_TASK DESCRIPTION_.
Among the entries that follow, find the lines containing the string "ezdxf" and copy them.

[Extracted records]

####################

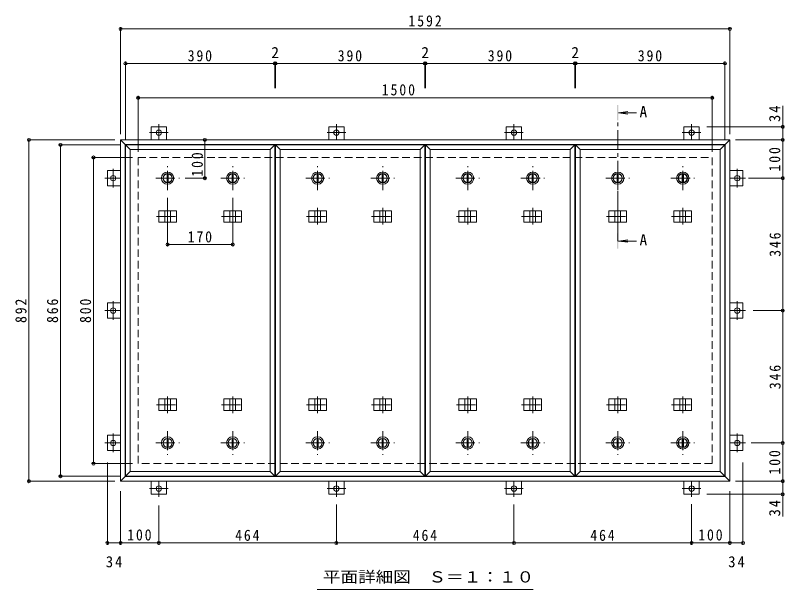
# Model space of a CAD drawing. Units: millimetres at full size, sheet at 1:10. Extents: x -2570 to 2371, y -1962 to 1232.
# Drawn here: x -2152 to -142, y -269 to 1232 of the extents above; entities that cross this region are included whole.
import ezdxf
from ezdxf.enums import TextEntityAlignment as Align

# ---------------------------------------------------------------- set-up
doc = ezdxf.new("R2010")
doc.units = ezdxf.units.MM
doc.header["$LTSCALE"] = 10
doc.header["$PDMODE"] = 32
doc.header["$PDSIZE"] = 8
doc.linetypes.add('CHAIN1', pattern=[8, 5, -1, 1, -1])
doc.linetypes.add('DASHED2', pattern=[3, 2, -1])
for name, color, linetype, lineweight in [('0-1_躯体', 2, 'DASHED2', 9), ('0-2_仕上', 4, 'Continuous', 9), ('0-3_建具', 4, 'Continuous', 9), ('0-5_寸法', 4, 'Continuous', 9), ('0-C', 2, 'Continuous', 9), ('0-E', 3, 'Continuous', 9), ('0-F', 7, 'Continuous', 9)]:
    doc.layers.add(name, color=color, linetype=linetype, lineweight=lineweight)
doc.styles.add('ＭＳ ゴシック', font='')
doc.styles.get('ＭＳ ゴシック').set_extended_font_data('MS Gothic')

msp = doc.modelspace()

# ---------------------------------------------------------------- linework, layer by layer
at = {"layer": '0-1_躯体'}
for p, q in [((-1831.46, 860.53), (-331.46, 860.53)), ((-1831.46, 60.53), (-1831.46, 860.53)), ((-331.46, 860.53), (-331.46, 60.53)), ((-331.46, 60.53), (-1831.46, 60.53))]:
    msp.add_line(p, q, dxfattribs=at)
at = {"layer": '0-2_仕上'}
for p, q in [((-1864.46, 27.53), (-1864.46, 893.53)), ((-1474.46, 27.53), (-1474.46, 893.53)), ((-1472.46, 27.53), (-1472.46, 893.53)), ((-1082.46, 27.53), (-1082.46, 893.53)), ((-1080.46, 27.53), (-1080.46, 893.53)), ((-690.46, 27.53), (-690.46, 893.53)), ((-688.46, 27.53), (-688.46, 893.53)), ((-298.46, 27.53), (-298.46, 893.53)), ((-1852.46, 39.53), (-1852.46, 881.53)), ((-1486.46, 39.53), (-1486.46, 881.53)), ((-1460.46, 39.53), (-1460.46, 881.53)), ((-1094.46, 39.53), (-1094.46, 881.53)), ((-1068.46, 39.53), (-1068.46, 881.53)), ((-702.46, 39.53), (-702.46, 881.53)), ((-676.46, 39.53), (-676.46, 881.53)), ((-310.46, 39.53), (-310.46, 881.53))]:
    msp.add_line(p, q, dxfattribs=at)
for points in [[(-1852.46, 881.53), (-1864.46, 893.53), (-1474.46, 893.53)], [(-1852.46, 881.53), (-1486.46, 881.53), (-1474.46, 893.53)], [(-1460.46, 881.53), (-1472.46, 893.53), (-1082.46, 893.53)], [(-1460.46, 881.53), (-1094.46, 881.53), (-1082.46, 893.53)], [(-1068.46, 881.53), (-1080.46, 893.53), (-690.46, 893.53)], [(-1068.46, 881.53), (-702.46, 881.53), (-690.46, 893.53)], [(-676.46, 881.53), (-688.46, 893.53), (-298.46, 893.53)], [(-676.46, 881.53), (-310.46, 881.53), (-298.46, 893.53)], [(-1852.46, 39.53), (-1864.46, 27.53), (-1474.46, 27.53)], [(-1852.46, 39.53), (-1486.46, 39.53), (-1474.46, 27.53)], [(-1460.46, 39.53), (-1472.46, 27.53), (-1082.46, 27.53)], [(-1460.46, 39.53), (-1094.46, 39.53), (-1082.46, 27.53)], [(-1068.46, 39.53), (-1080.46, 27.53), (-690.46, 27.53)], [(-1068.46, 39.53), (-702.46, 39.53), (-690.46, 27.53)], [(-676.46, 39.53), (-688.46, 27.53), (-298.46, 27.53)], [(-676.46, 39.53), (-310.46, 39.53), (-298.46, 27.53)]]:
    msp.add_lwpolyline(points, dxfattribs=at)
at = {"layer": '0-3_建具', "color": 2}
for p, q in [((-1877.46, 906.53), (-1865.46, 894.53)), ((-1877.46, 906.53), (-285.46, 906.53)), ((-1877.46, 14.53), (-1877.46, 906.53)), ((-297.46, 894.53), (-285.46, 906.53)), ((-285.46, 906.53), (-285.46, 14.53)), ((-1865.46, 894.53), (-297.46, 894.53)), ((-1865.46, 26.53), (-1865.46, 894.53)), ((-297.46, 26.53), (-297.46, 894.53)), ((-1865.46, 26.53), (-1877.46, 14.53)), ((-297.46, 26.53), (-1865.46, 26.53)), ((-297.46, 26.53), (-285.46, 14.53)), ((-285.46, 14.53), (-1877.46, 14.53))]:
    msp.add_line(p, q, dxfattribs=at)
at = {"layer": '0-3_建具', "linetype": 'CHAIN1'}
for p, q in [((-1754.46, 728.65), (-1754.46, 685.41)), ((-1584.46, 728.65), (-1584.46, 685.41)), ((-1362.46, 728.65), (-1362.46, 685.41)), ((-1192.46, 728.65), (-1192.46, 685.41)), ((-970.46, 728.65), (-970.46, 685.41)), ((-800.46, 728.65), (-800.46, 685.41)), ((-578.46, 728.65), (-578.46, 685.41)), ((-408.46, 728.65), (-408.46, 685.41)), ((-1783.87, 706.53), (-1725.05, 706.53)), ((-1613.87, 706.53), (-1555.05, 706.53)), ((-1391.87, 706.53), (-1333.05, 706.53)), ((-1221.87, 706.53), (-1163.05, 706.53)), ((-999.87, 706.53), (-941.05, 706.53)), ((-829.87, 706.53), (-771.05, 706.53)), ((-607.87, 706.53), (-549.05, 706.53)), ((-437.87, 706.53), (-379.05, 706.53)), ((-1754.46, 192.41), (-1754.46, 235.65)), ((-1584.46, 192.41), (-1584.46, 235.65)), ((-1362.46, 192.41), (-1362.46, 235.65)), ((-1192.46, 192.41), (-1192.46, 235.65)), ((-970.46, 192.41), (-970.46, 235.65)), ((-800.46, 192.41), (-800.46, 235.65)), ((-578.46, 192.41), (-578.46, 235.65)), ((-408.46, 192.41), (-408.46, 235.65)), ((-1783.87, 214.53), (-1725.05, 214.53)), ((-1613.87, 214.53), (-1555.05, 214.53)), ((-1391.87, 214.53), (-1333.05, 214.53)), ((-1221.87, 214.53), (-1163.05, 214.53)), ((-999.87, 214.53), (-941.05, 214.53)), ((-829.87, 214.53), (-771.05, 214.53)), ((-607.87, 214.53), (-549.05, 214.53)), ((-437.87, 214.53), (-379.05, 214.53))]:
    msp.add_line(p, q, dxfattribs=at)
at = {"layer": '0-3_建具'}
for p, q in [((-1777.54, 721.53), (-1777.54, 691.53)), ((-1777.54, 721.53), (-1731.37, 721.53)), ((-1761.96, 721.53), (-1761.96, 691.53)), ((-1746.96, 721.53), (-1746.96, 691.53)), ((-1731.37, 721.53), (-1731.37, 691.53)), ((-1607.54, 721.53), (-1607.54, 691.53)), ((-1607.54, 721.53), (-1561.37, 721.53)), ((-1591.96, 721.53), (-1591.96, 691.53)), ((-1576.96, 721.53), (-1576.96, 691.53)), ((-1561.37, 721.53), (-1561.37, 691.53)), ((-1385.54, 721.53), (-1385.54, 691.53)), ((-1385.54, 721.53), (-1339.37, 721.53)), ((-1369.96, 721.53), (-1369.96, 691.53)), ((-1354.96, 721.53), (-1354.96, 691.53)), ((-1339.37, 721.53), (-1339.37, 691.53)), ((-1215.54, 721.53), (-1215.54, 691.53)), ((-1215.54, 721.53), (-1169.37, 721.53)), ((-1199.96, 721.53), (-1199.96, 691.53)), ((-1184.96, 721.53), (-1184.96, 691.53)), ((-1169.37, 721.53), (-1169.37, 691.53)), ((-993.54, 721.53), (-993.54, 691.53)), ((-993.54, 721.53), (-947.37, 721.53)), ((-977.96, 721.53), (-977.96, 691.53)), ((-962.96, 721.53), (-962.96, 691.53)), ((-947.37, 721.53), (-947.37, 691.53)), ((-823.54, 721.53), (-823.54, 691.53)), ((-823.54, 721.53), (-777.37, 721.53)), ((-807.96, 721.53), (-807.96, 691.53)), ((-792.96, 721.53), (-792.96, 691.53)), ((-777.37, 721.53), (-777.37, 691.53)), ((-601.54, 721.53), (-601.54, 691.53)), ((-601.54, 721.53), (-555.37, 721.53)), ((-585.96, 721.53), (-585.96, 691.53)), ((-570.96, 721.53), (-570.96, 691.53)), ((-555.37, 721.53), (-555.37, 691.53)), ((-431.54, 721.53), (-431.54, 691.53)), ((-431.54, 721.53), (-385.37, 721.53)), ((-415.96, 721.53), (-415.96, 691.53)), ((-400.96, 721.53), (-400.96, 691.53)), ((-385.37, 721.53), (-385.37, 691.53)), ((-1777.54, 691.53), (-1731.37, 691.53)), ((-1607.54, 691.53), (-1561.37, 691.53)), ((-1385.54, 691.53), (-1339.37, 691.53)), ((-1215.54, 691.53), (-1169.37, 691.53)), ((-993.54, 691.53), (-947.37, 691.53)), ((-823.54, 691.53), (-777.37, 691.53)), ((-601.54, 691.53), (-555.37, 691.53)), ((-431.54, 691.53), (-385.37, 691.53)), ((-1777.54, 199.53), (-1777.54, 229.53)), ((-1777.54, 229.53), (-1731.37, 229.53)), ((-1761.96, 199.53), (-1761.96, 229.53)), ((-1746.96, 199.53), (-1746.96, 229.53)), ((-1731.37, 199.53), (-1731.37, 229.53)), ((-1607.54, 199.53), (-1607.54, 229.53)), ((-1607.54, 229.53), (-1561.37, 229.53)), ((-1591.96, 199.53), (-1591.96, 229.53)), ((-1576.96, 199.53), (-1576.96, 229.53)), ((-1561.37, 199.53), (-1561.37, 229.53)), ((-1385.54, 199.53), (-1385.54, 229.53)), ((-1385.54, 229.53), (-1339.37, 229.53)), ((-1369.96, 199.53), (-1369.96, 229.53)), ((-1354.96, 199.53), (-1354.96, 229.53)), ((-1339.37, 199.53), (-1339.37, 229.53)), ((-1215.54, 199.53), (-1215.54, 229.53)), ((-1215.54, 229.53), (-1169.37, 229.53)), ((-1199.96, 199.53), (-1199.96, 229.53)), ((-1184.96, 199.53), (-1184.96, 229.53)), ((-1169.37, 199.53), (-1169.37, 229.53)), ((-993.54, 199.53), (-993.54, 229.53)), ((-993.54, 229.53), (-947.37, 229.53)), ((-977.96, 199.53), (-977.96, 229.53)), ((-962.96, 199.53), (-962.96, 229.53)), ((-947.37, 199.53), (-947.37, 229.53)), ((-823.54, 199.53), (-823.54, 229.53)), ((-823.54, 229.53), (-777.37, 229.53)), ((-807.96, 199.53), (-807.96, 229.53)), ((-792.96, 199.53), (-792.96, 229.53)), ((-777.37, 199.53), (-777.37, 229.53)), ((-601.54, 199.53), (-601.54, 229.53)), ((-601.54, 229.53), (-555.37, 229.53)), ((-585.96, 199.53), (-585.96, 229.53)), ((-570.96, 199.53), (-570.96, 229.53)), ((-555.37, 199.53), (-555.37, 229.53)), ((-431.54, 199.53), (-431.54, 229.53)), ((-431.54, 229.53), (-385.37, 229.53)), ((-415.96, 199.53), (-415.96, 229.53)), ((-400.96, 199.53), (-400.96, 229.53)), ((-385.37, 199.53), (-385.37, 229.53)), ((-1777.54, 199.53), (-1731.37, 199.53)), ((-1607.54, 199.53), (-1561.37, 199.53)), ((-1385.54, 199.53), (-1339.37, 199.53)), ((-1215.54, 199.53), (-1169.37, 199.53)), ((-993.54, 199.53), (-947.37, 199.53)), ((-823.54, 199.53), (-777.37, 199.53)), ((-601.54, 199.53), (-555.37, 199.53)), ((-431.54, 199.53), (-385.37, 199.53))]:
    msp.add_line(p, q, dxfattribs=at)
at = {"layer": '0-5_寸法'}
for p, q in [((-576.46, 977.35), (-551.67, 980.61)), ((-576.46, 977.35), (-551.67, 974.09)), ((-576.46, 977.35), (-528.99, 977.35)), ((-576.46, 642.22), (-551.67, 645.49)), ((-576.46, 642.22), (-551.67, 638.96)), ((-576.46, 642.22), (-528.99, 642.22))]:
    msp.add_line(p, q, dxfattribs=at)
at = {"layer": '0-5_寸法', "linetype": 'CHAIN1'}
msp.add_line((-578.46, 642.22), (-578.46, 957.35), dxfattribs=at)
at = {"layer": '0-5_寸法', "color": 7}
msp.add_line((-1363.98, -268.88), (-798.93, -268.88), dxfattribs=at)
at = {"layer": '0-5_寸法'}
for points in [[(-576.46, 997.35), (-580.46, 997.35), (-576.46, 957.35), (-580.46, 957.35)], [(-576.46, 622.22), (-580.46, 622.22), (-576.46, 662.22), (-580.46, 662.22)]]:
    msp.add_solid(points, dxfattribs=at)
at = {"layer": '0-C', "linetype": 'CHAIN1'}
for p, q in [((-1754.46, 775.53), (-1754.46, 837.53)), ((-1584.46, 775.53), (-1584.46, 837.53)), ((-1362.46, 775.53), (-1362.46, 837.53)), ((-1192.46, 775.53), (-1192.46, 837.53)), ((-970.46, 775.53), (-970.46, 837.53)), ((-800.46, 775.53), (-800.46, 837.53)), ((-578.46, 775.53), (-578.46, 837.53)), ((-408.46, 775.53), (-408.46, 837.53)), ((-1785.46, 806.53), (-1723.46, 806.53)), ((-1615.46, 806.53), (-1553.46, 806.53)), ((-1393.46, 806.53), (-1331.46, 806.53)), ((-1223.46, 806.53), (-1161.46, 806.53)), ((-1001.46, 806.53), (-939.46, 806.53)), ((-831.46, 806.53), (-769.46, 806.53)), ((-609.46, 806.53), (-547.46, 806.53)), ((-439.46, 806.53), (-377.46, 806.53)), ((-1754.46, 145.53), (-1754.46, 83.53)), ((-1584.46, 145.53), (-1584.46, 83.53)), ((-1362.46, 145.53), (-1362.46, 83.53)), ((-1192.46, 145.53), (-1192.46, 83.53)), ((-970.46, 145.53), (-970.46, 83.53)), ((-800.46, 145.53), (-800.46, 83.53)), ((-578.46, 145.53), (-578.46, 83.53)), ((-408.46, 145.53), (-408.46, 83.53)), ((-1785.46, 114.53), (-1723.46, 114.53)), ((-1615.46, 114.53), (-1553.46, 114.53)), ((-1393.46, 114.53), (-1331.46, 114.53)), ((-1223.46, 114.53), (-1161.46, 114.53)), ((-1001.46, 114.53), (-939.46, 114.53)), ((-831.46, 114.53), (-769.46, 114.53)), ((-609.46, 114.53), (-547.46, 114.53)), ((-439.46, 114.53), (-377.46, 114.53))]:
    msp.add_line(p, q, dxfattribs=at)
at = {"layer": '0-C'}
for p, q in [((-1755.96, 817.93), (-1755.96, 795.13)), ((-1752.96, 817.93), (-1752.96, 795.13)), ((-1585.96, 817.93), (-1585.96, 795.13)), ((-1582.96, 817.93), (-1582.96, 795.13)), ((-1363.96, 817.93), (-1363.96, 795.13)), ((-1360.96, 817.93), (-1360.96, 795.13)), ((-1193.96, 817.93), (-1193.96, 795.13)), ((-1190.96, 817.93), (-1190.96, 795.13)), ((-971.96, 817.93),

####################

_ANSWER_.
import ezdxf
from ezdxf.enums import TextEntityAlignment as Align
doc = ezdxf.new("R2010")
doc.units = ezdxf.units.MM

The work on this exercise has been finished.